I didn’t think about what James was telling me at the time. The thought that went through my head was: How am I supposed to watch this 2½ hours?

Then, in the first quarter, the Pacers alone made more open jumpers than Illinois and Houston for much of the game we’d just watched. This Blazers team is by no means strong defensively, but the Pacers’ offensive attack was a joy to watch. We both started identifying guys on every team that Illinois could have really used that day — it was the bulk of the Pacers’ roster.

And that was before the greatest basketball game I’ve ever seen live (and, bonus, one unforgettable father-son moment!).

It was the kind of play that probably doesn’t happen in a game with playoff implications on the line. The Pacers, up 22 points in the second quarter of a meaningless game, were having fun. Anyone who says pros don’t play for the joy of the game should check out this game.

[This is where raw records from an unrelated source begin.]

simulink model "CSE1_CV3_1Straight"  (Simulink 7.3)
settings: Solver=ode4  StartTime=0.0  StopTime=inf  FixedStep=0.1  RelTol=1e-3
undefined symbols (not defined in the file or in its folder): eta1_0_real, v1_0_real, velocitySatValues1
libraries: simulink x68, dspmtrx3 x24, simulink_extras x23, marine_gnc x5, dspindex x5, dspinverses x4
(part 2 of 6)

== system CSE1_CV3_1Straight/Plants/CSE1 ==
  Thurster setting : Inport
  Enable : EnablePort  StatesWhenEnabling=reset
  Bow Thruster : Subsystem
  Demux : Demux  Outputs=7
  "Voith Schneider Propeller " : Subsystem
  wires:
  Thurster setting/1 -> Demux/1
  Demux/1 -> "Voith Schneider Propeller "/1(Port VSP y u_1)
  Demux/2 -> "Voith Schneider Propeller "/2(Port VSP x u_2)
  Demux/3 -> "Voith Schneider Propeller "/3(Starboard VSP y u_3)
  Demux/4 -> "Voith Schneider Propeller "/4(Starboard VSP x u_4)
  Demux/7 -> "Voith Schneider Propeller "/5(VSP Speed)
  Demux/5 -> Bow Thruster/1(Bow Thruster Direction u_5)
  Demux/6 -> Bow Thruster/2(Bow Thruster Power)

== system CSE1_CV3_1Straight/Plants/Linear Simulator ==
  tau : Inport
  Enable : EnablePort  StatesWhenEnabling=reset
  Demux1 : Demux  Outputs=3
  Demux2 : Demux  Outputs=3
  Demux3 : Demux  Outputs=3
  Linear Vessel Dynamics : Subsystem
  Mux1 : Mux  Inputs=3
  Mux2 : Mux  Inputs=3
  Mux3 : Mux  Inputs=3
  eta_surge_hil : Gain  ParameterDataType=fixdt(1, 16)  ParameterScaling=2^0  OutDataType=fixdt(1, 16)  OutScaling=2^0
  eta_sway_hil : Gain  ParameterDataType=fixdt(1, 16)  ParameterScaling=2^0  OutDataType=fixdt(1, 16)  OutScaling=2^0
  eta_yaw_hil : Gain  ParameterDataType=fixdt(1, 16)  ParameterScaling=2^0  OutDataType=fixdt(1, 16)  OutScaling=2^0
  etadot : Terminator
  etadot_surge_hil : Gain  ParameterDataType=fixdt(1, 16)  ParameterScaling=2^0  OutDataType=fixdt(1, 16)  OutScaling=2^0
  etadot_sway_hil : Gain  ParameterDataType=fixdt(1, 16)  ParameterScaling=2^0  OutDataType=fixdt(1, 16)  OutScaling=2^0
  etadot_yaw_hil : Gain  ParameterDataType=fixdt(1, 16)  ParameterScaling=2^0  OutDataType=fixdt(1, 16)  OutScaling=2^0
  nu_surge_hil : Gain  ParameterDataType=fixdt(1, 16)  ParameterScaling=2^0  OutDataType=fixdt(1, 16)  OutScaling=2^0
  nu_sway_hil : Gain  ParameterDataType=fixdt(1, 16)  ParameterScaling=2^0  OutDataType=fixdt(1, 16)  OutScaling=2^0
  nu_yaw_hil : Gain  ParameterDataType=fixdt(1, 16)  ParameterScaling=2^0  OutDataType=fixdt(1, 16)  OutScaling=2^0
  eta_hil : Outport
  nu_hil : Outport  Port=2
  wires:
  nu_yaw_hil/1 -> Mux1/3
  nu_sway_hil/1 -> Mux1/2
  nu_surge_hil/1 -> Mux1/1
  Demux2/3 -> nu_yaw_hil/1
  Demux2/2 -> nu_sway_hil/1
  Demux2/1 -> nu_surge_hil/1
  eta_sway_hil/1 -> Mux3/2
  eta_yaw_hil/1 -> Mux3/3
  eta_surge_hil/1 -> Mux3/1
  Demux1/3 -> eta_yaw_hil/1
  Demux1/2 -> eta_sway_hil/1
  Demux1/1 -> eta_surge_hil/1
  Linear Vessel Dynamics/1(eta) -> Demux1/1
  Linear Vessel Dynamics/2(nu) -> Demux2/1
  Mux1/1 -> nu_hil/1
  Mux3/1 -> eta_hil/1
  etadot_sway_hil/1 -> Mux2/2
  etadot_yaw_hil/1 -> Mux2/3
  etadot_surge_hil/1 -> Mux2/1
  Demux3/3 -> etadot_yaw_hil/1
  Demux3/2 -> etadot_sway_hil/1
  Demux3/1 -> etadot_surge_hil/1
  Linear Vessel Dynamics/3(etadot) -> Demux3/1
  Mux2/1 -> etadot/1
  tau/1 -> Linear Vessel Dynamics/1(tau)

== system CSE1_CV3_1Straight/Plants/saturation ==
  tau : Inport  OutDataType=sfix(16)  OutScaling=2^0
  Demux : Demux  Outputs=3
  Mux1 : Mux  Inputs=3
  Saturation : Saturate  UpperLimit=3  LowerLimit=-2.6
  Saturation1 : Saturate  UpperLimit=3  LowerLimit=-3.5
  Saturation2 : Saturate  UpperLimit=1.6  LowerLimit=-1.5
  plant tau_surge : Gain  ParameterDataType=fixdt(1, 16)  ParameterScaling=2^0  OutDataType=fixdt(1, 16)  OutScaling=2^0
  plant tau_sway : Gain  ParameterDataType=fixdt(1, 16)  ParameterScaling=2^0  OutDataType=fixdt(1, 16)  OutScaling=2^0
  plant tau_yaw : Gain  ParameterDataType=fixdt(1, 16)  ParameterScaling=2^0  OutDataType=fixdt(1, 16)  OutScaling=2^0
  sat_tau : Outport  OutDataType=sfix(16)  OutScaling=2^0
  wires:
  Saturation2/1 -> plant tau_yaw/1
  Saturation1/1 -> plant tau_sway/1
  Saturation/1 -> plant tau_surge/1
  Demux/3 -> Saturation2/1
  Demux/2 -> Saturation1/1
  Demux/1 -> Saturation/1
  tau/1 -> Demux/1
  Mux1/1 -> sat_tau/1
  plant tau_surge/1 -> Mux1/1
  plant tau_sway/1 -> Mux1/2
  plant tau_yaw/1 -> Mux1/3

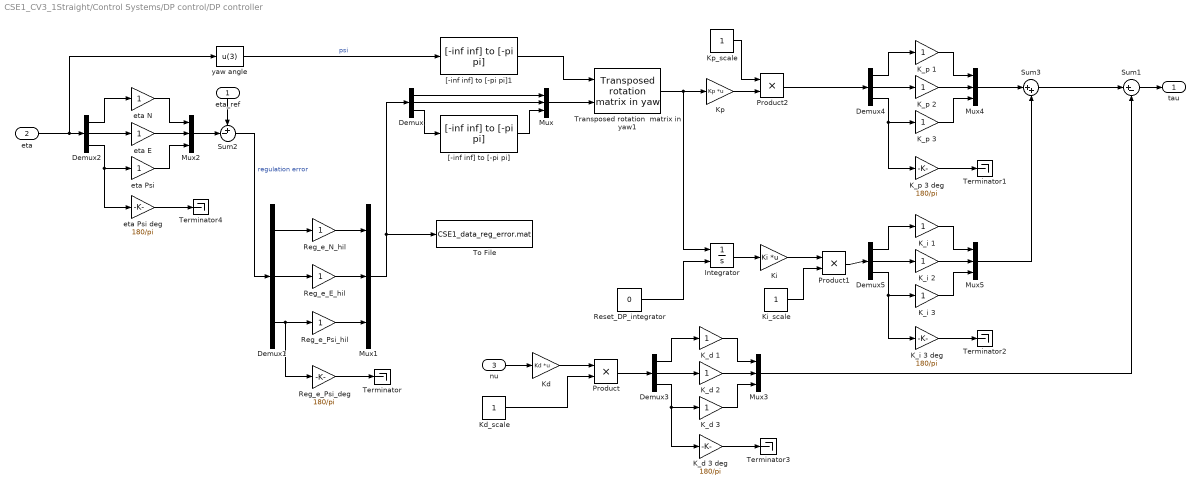
== system CSE1_CV3_1Straight/Control Systems/DP control/DP controller ==
  eta_ref : Inport
  eta : Inport  Port=2
  nu : Inport  Port=3
  Demux{,1..5} (6 alike) : Demux  Outputs=3
  Integrator : Integrator  ExternalReset=level
  K_d 1 : Gain  ParameterDataType=fixdt(1, 16)  ParameterScaling=2^0  OutDataType=fixdt(1, 16)  OutScaling=2^0
  K_d 2 : Gain  ParameterDataType=fixdt(1, 16)  ParameterScaling=2^0  OutDataType=fixdt(1, 16)  OutScaling=2^0
  K_d 3 : Gain  ParameterDataType=fixdt(1, 16)  ParameterScaling=2^0  OutDataType=fixdt(1, 16)  OutScaling=2^0
  K_d 3 deg : Gain  Gain=180/pi  ParameterDataType=fixdt(1, 16)  ParameterScaling=2^0  OutDataType=fixdt(1, 16)  OutScaling=2^0
  K_i 1 : Gain  ParameterDataType=fixdt(1, 16)  ParameterScaling=2^0  OutDataType=fixdt(1, 16)  OutScaling=2^0
  K_i 2 : Gain  ParameterDataType=fixdt(1, 16)  ParameterScaling=2^0  OutDataType=fixdt(1, 16)  OutScaling=2^0
  K_i 3 : Gain  ParameterDataType=fixdt(1, 16)  ParameterScaling=2^0  OutDataType=fixdt(1, 16)  OutScaling=2^0
  K_i 3 deg : Gain  Gain=180/pi  ParameterDataType=fixdt(1, 16)  ParameterScaling=2^0  OutDataType=fixdt(1, 16)  OutScaling=2^0
  K_p 1 : Gain  ParameterDataType=fixdt(1, 16)  ParameterScaling=2^0  OutDataType=fixdt(1, 16)  OutScaling=2^0
  K_p 2 : Gain  ParameterDataType=fixdt(1, 16)  ParameterScaling=2^0  OutDataType=fixdt(1, 16)  OutScaling=2^0
  K_p 3 : Gain  ParameterDataType=fixdt(1, 16)  ParameterScaling=2^0  OutDataType=fixdt(1, 16)  OutScaling=2^0
  K_p 3 deg : Gain  Gain=180/pi  ParameterDataType=fixdt(1, 16)  ParameterScaling=2^0  OutDataType=fixdt(1, 16)  OutScaling=2^0
  Kd : Gain  Gain=Kd  Multiplication=Matrix(K*u)  SaturateOnIntegerOverflow=on  OutDataTypeStr=Inherit: Same as input  ParamDataTypeStr=Inherit: Same as input
  Kd_scale : Constant
  Ki : Gain  Gain=Ki  Multiplication=Matrix(K*u)  SaturateOnIntegerOverflow=on  OutDataTypeStr=Inherit: Same as input  ParamDataTypeStr=Inherit: Same as input
  Ki_scale : Constant
  Kp : Gain  Gain=Kp  Multiplication=Matrix(K*u)  SaturateOnIntegerOverflow=on  OutDataTypeStr=Inherit: Same as input  ParamDataTypeStr=Inherit: Same as input
  Kp_scale : Constant
  Mux{,1..5} (6 alike) : Mux  Inputs=3
  Product : Product  RndMeth=Zero
  Product1 : Product  RndMeth=Zero
  Product2 : Product  RndMeth=Zero
  Reg_e_E_hil : Gain
  Reg_e_N_hil : Gain
  Reg_e_Psi_deg : Gain  Gain=180/pi  ParameterDataType=fixdt(1, 16)  ParameterScaling=2^0  OutDataType=fixdt(1, 16)  OutScaling=2^0
  Reg_e_Psi_hil : Gain
  Reset_DP_integrator : Constant  Value=0
  Sum1 : Sum  Inputs=|+-  SaturateOnIntegerOverflow=on  InputSameDT=on  OutDataTypeStr=Inherit: Same as first input
  Sum2 : Sum  Inputs=+-|  SaturateOnIntegerOverflow=on  InputSameDT=on  OutDataTypeStr=Inherit: Same as first input
  Sum3 : Sum  Inputs=|++  SaturateOnIntegerOverflow=on  InputSameDT=on  OutDataTypeStr=Inherit: Same as first input
  Terminator{,1..4} (5 alike) : Terminator
  To File : ToFile  Filename=CSE1_data_reg_error.mat  MatrixName=cse1_data_reg_error
  Transposed rotation  matrix in yaw1 : marine_gnc/Models/ Kinematics/Transposed rotation  matrix in yaw  SystemSampleTime=-1
  "[-inf inf] to [-pi pi]" : marine_gnc/Utilities/Math Operations/[-inf inf] to [-pi pi]  SystemSampleTime=-1
  "[-inf inf] to [-pi pi]1" : marine_gnc/Utilities/Math Operations/[-inf inf] to [-pi pi]  SystemSampleTime=-1
  eta E : Gain  ParameterDataType=fixdt(1, 16)  ParameterScaling=2^0  OutDataType=fixdt(1, 16)  OutScaling=2^0
  eta N : Gain  ParameterDataType=fixdt(1, 16)  ParameterScaling=2^0  OutDataType=fixdt(1, 16)  OutScaling=2^0
  eta Psi : Gain  ParameterDataType=fixdt(1, 16)  ParameterScaling=2^0  OutDataType=fixdt(1, 16)  OutScaling=2^0
  eta Psi deg : Gain  Gain=180/pi  ParameterDataType=fixdt(1, 16)  ParameterScaling=2^0  OutDataType=fixdt(1, 16)  OutScaling=2^0
  yaw angle : Fcn  Expr=u(3)
  tau : Outport  InitialOutput=0
  wires:
  Mux/1 -> Transposed rotation  matrix in yaw1/2
  Demux/1 -> Mux/1
  Demux/2 -> Mux/2
  eta_ref/1 -> Sum2/1
  Sum1/1 -> tau/1
  eta/1 -> yaw angle/1, Demux2/1
  Integrator/1 -> Ki/1
  Sum3/1 -> Sum1/1
  Transposed rotation  matrix in yaw1/1 -> Kp/1, Integrator/1
  Demux1/1 -> Reg_e_N_hil/1
  Reg_e_N_hil/1 -> Mux1/1
  Sum2/1 -> Demux1/1  "regulation error"
  Demux1/2 -> Reg_e_E_hil/1
  Reg_e_E_hil/1 -> Mux1/2
  Demux1/3 -> Reg_e_Psi_hil/1, Reg_e_Psi_deg/1
  Reg_e_Psi_hil/1 -> Mux1/3
  Mux1/1 -> Demux/1, To File/1
  nu/1 -> Kd/1
  Kd/1 -> Product/1
  Kd_scale/1 -> Product/2
  Ki/1 -> Product1/1
  Ki_scale/1 -> Product1/2
  Kp/1 -> Product2/2
  Kp_scale/1 -> Product2/1
  Reset_DP_integrator/1 -> Integrator/2
  yaw angle/1 -> "[-inf inf] to [-pi pi]1"/1  "psi"
  "[-inf inf] to [-pi pi]1"/1 -> Transposed rotation  matrix in yaw1/1
  Demux/3 -> "[-inf inf] to [-pi pi]"/1
  "[-inf inf] to [-pi pi]"/1 -> Mux/3
  eta N/1 -> Mux2/1
  eta E/1 -> Mux2/2
  eta Psi/1 -> Mux2/3
  Demux2/1 -> eta N/1
  Demux2/2 -> eta E/1
  Demux2/3 -> eta Psi/1, eta Psi deg/1
  Mux2/1 -> Sum2/2
  K_d 1/1 -> Mux3/1
  K_d 2/1 -> Mux3/2
  K_d 3/1 -> Mux3/3
  Demux3/1 -> K_d 1/1
  Demux3/2 -> K_d 2/1
  Demux3/3 -> K_d 3/1, K_d 3 deg/1
  Product/1 -> Demux3/1
  Mux3/1 -> Sum1/2
  K_p 1/1 -> Mux4/1
  K_p 2/1 -> Mux4/2
  K_p 3/1 -> Mux4/3
  Demux4/1 -> K_p 1/1
  Demux4/2 -> K_p 2/1
  Demux4/3 -> K_p 3/1, K_p 3 deg/1
  Product2/1 -> Demux4/1
  Mux4/1 -> Sum3/1
  K_i 1/1 -> Mux5/1
  K_i 2/1 -> Mux5/2
  K_i 3/1 -> Mux5/3
  Demux5/1 -> K_i 1/1
  Demux5/2 -> K_i 2/1
  Demux5/3 -> K_i 3/1, K_i 3 deg/1
  Product1/1 -> Demux5/1
  Mux5/1 -> Sum3/2
  K_p 3 deg/1 -> Terminator1/1
  K_i 3 deg/1 -> Terminator2/1
  K_d 3 deg/1 -> Terminator3/1
  Reg_e_Psi_deg/1 -> Terminator/1
  eta Psi deg/1 -> Terminator4/1

== system CSE1_CV3_1Straight/Control Systems/DP control/Thruster allocation ==
  tau : Inport
  f_act to u_act : Subsystem
  tau to f_act : Subsystem
  u_act : Outport
  wires:
  tau/1 -> tau to f_act/1(tau)
  tau to f_act/1(f_act) -> f_act to u_act/1(f_act)
  f_act to u_act/1(u_act) -> u_act/1

== system CSE1_CV3_1Straight/Control Systems/LgV design 2/Auxilary functions g_q ==
  f_q : Inport
  psi_los^q : Inport  Port=2
  f_q^q : Inport  Port=3
  psi_los^q^2 : Inport  Port=4
  f_q^s : Inport  Port=5
  psi_los^qs : Inport  Port=6
  f_q^t : Inport  Port=7
  g_q eq : Subsystem
  g_q^q eq : Subsystem
  g_q^s eq : Subsystem
  g_q^t eq : Subsystem
  g_q : Outport
  g_q^t : Outport  Port=2
  g_q^q : Outport  Port=3
  g_q^s : Outport  Port=4
  wires:
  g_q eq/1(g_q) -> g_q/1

It started with a pass from one of the newest pacers, Tyrese Halliburton – the player my son was looking forward to the most since so many others were missing. He fired a baseball pass halfway down the field at longtime Pacers favorite Lance Stephenson, who ran down the right touchline. Stephenson caught it over his shoulder with both hands like a wide receiver, then dropped a behind-the-back bounce pass to a grazing Oshae Brissett. Stephenson didn’t even turn to see what had happened, instead posing in front of the Pacers bench when Brissett flipped, jumped, double pumped and dove backwards when he was fouled.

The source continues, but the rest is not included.